Competitive position

| Agent | WebVoyager | Cost/task | |-------|-----------|-----------| | Surfer-2 | 97.1% | $1-5 | | Magnitude | 93.9% | ~$0.10 | | bad | 91.3% | $0.09 | | OpenAI Operator | 87% | ChatGPT Pro |

Running benchmarks

# WebVoyager full 590
node scripts/run-scenario-track.mjs \
  --cases bench/external/webvoyager/cases.json \
  --config bench/scenarios/configs/vision-hybrid.mjs \
  --model gpt-5.4 --modes fast-explore --concurrency 5 \
  --out agent-results/webvoyager-full

# Multi-rep validation (≥3 reps required for any claim)
node scripts/run-multi-rep.mjs \
  --cases bench/scenarios/cases/my-cases.json \
  --config bench/scenarios/configs/vision-hybrid.mjs \
  --reps 3 --out agent-results/my-validation

GitHub Action

- uses: tangle-network/browser-agent-driver/.github/actions/design-audit@main
  with:
    url: ${{ steps.deploy.outputs.preview_url }}
    pages: 5
    fail-on-score-below: '6.5'
    evolve: claude-code
    openai-api-key: ${{ secrets.OPENAI_API_KEY }}

Posts Top Fixes as a PR comment, uploads full report as artifact, optionally fails on score regressions.

Session Viewer

bad view audit-results/stripe.com-1775502457141

Web UI with per-turn screenshots, action JSON, reasoning, element highlights.
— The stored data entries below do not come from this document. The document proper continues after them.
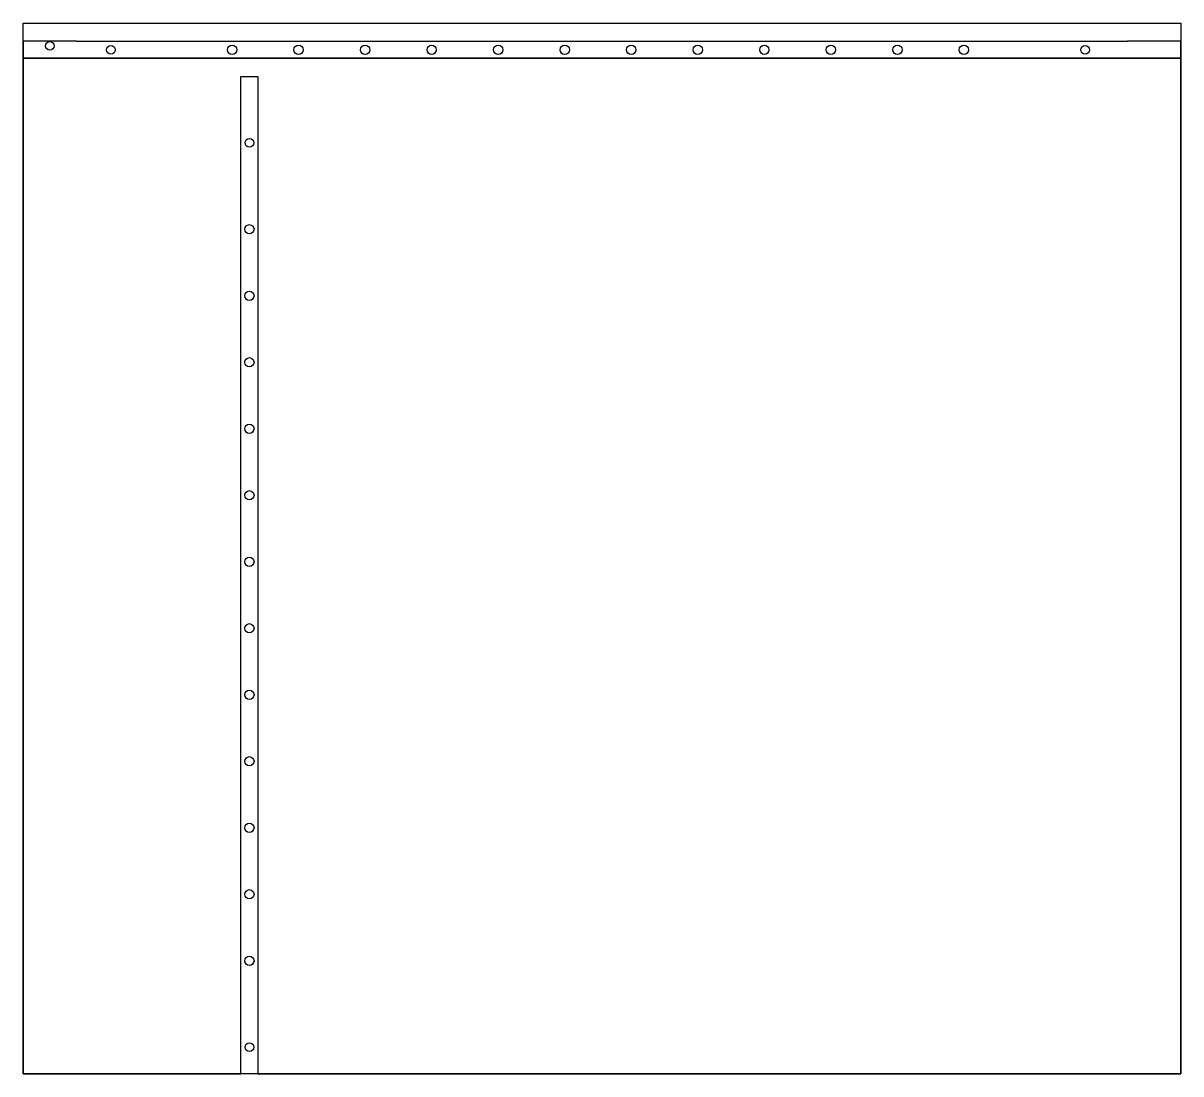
# Model space of a CAD drawing. Header units: millimetres. Extents: x -217 to 218, y -354 to 41.
import ezdxf

# ---------------------------------------------------------------- set-up
doc = ezdxf.new("R2010")
doc.units = ezdxf.units.MM
doc.layers.get('0').update_dxf_attribs({"linetype": 'CONTINUOUS'})

msp = doc.modelspace()

# ---------------------------------------------------------------- linework, layer by layer
for points in [[(-217.39, -353.51), (-217.39, 41.49), (217.61, 41.49), (217.61, -353.51)], [(197.61, 34.69), (197.61, 34.59), (-197.39, 34.59), (-197.39, 34.69), (-217.39, 34.69), (-217.39, 28.29), (217.61, 28.29), (217.61, 34.69)], [(-129.19, 21.49), (-129.19, -353.51), (217.61, -353.51), (217.61, 28.29), (-217.39, 28.29), (-217.39, -353.51), (-135.59, -353.51), (-135.59, 21.49)]]:
    msp.add_lwpolyline(points, close=True)
for centre, radius in [((-207.39, 32.99), 1.63), ((-184.39, 31.49), 1.63), ((-184.39, 31.49), 1.63), ((-138.89, 31.49), 1.75), ((-138.89, 31.49), 1.75), ((-113.89, 31.49), 1.75), ((-113.89, 31.49), 1.75), ((-88.89, 31.49), 1.75), ((-88.89, 31.49), 1.75), ((-63.89, 31.49), 1.75), ((-63.89, 31.49), 1.75), ((-38.89, 31.49), 1.75), ((-38.89, 31.49), 1.75), ((-13.89, 31.49), 1.75), ((-13.89, 31.49), 1.75), ((11.11, 31.49), 1.75), ((11.11, 31.49), 1.75), ((36.11, 31.49), 1.75), ((36.11, 31.49), 1.75), ((61.11, 31.49), 1.75), ((61.11, 31.49), 1.75), ((86.11, 31.49), 1.75), ((86.11, 31.49), 1.75), ((111.11, 31.49), 1.75), ((111.11, 31.49), 1.75), ((136.11, 31.49), 1.75), ((136.11, 31.49), 1.75), ((181.61, 31.49), 1.63), ((181.61, 31.49), 1.63), ((-132.39, -3.51), 1.62), ((-132.39, -36.01), 1.75), ((-132.39, -61.01), 1.75), ((-132.39, -86.01), 1.75), ((-132.39, -111.01), 1.75), ((-132.39, -136.01), 1.75), ((-132.39, -161.01), 1.75), ((-132.39, -186.01), 1.75), ((-132.39, -211.01), 1.75), ((-132.39, -236.01), 1.75), ((-132.39, -261.01), 1.75), ((-132.39, -286.01), 1.75), ((-132.39, -311.01), 1.75), ((-132.39, -343.51), 1.62)]:
    msp.add_circle(centre, radius)

doc.saveas('drawing.dxf')

Pair with --show-cursor for animated cursor recordings.

Guides

Development

pnpm build              # TypeScript → dist/
pnpm test               # 993 tests
pnpm lint               # type-check
pnpm check:boundaries   # architecture boundaries

Publishing

Automated via Changesets + OIDC trusted publishing. Add a changeset with pnpm changeset, merge the auto-generated release PR, and npm publish fires automatically with provenance attestation.

License

Dual-licensed under MIT and Apache 2.0. See LICENSE.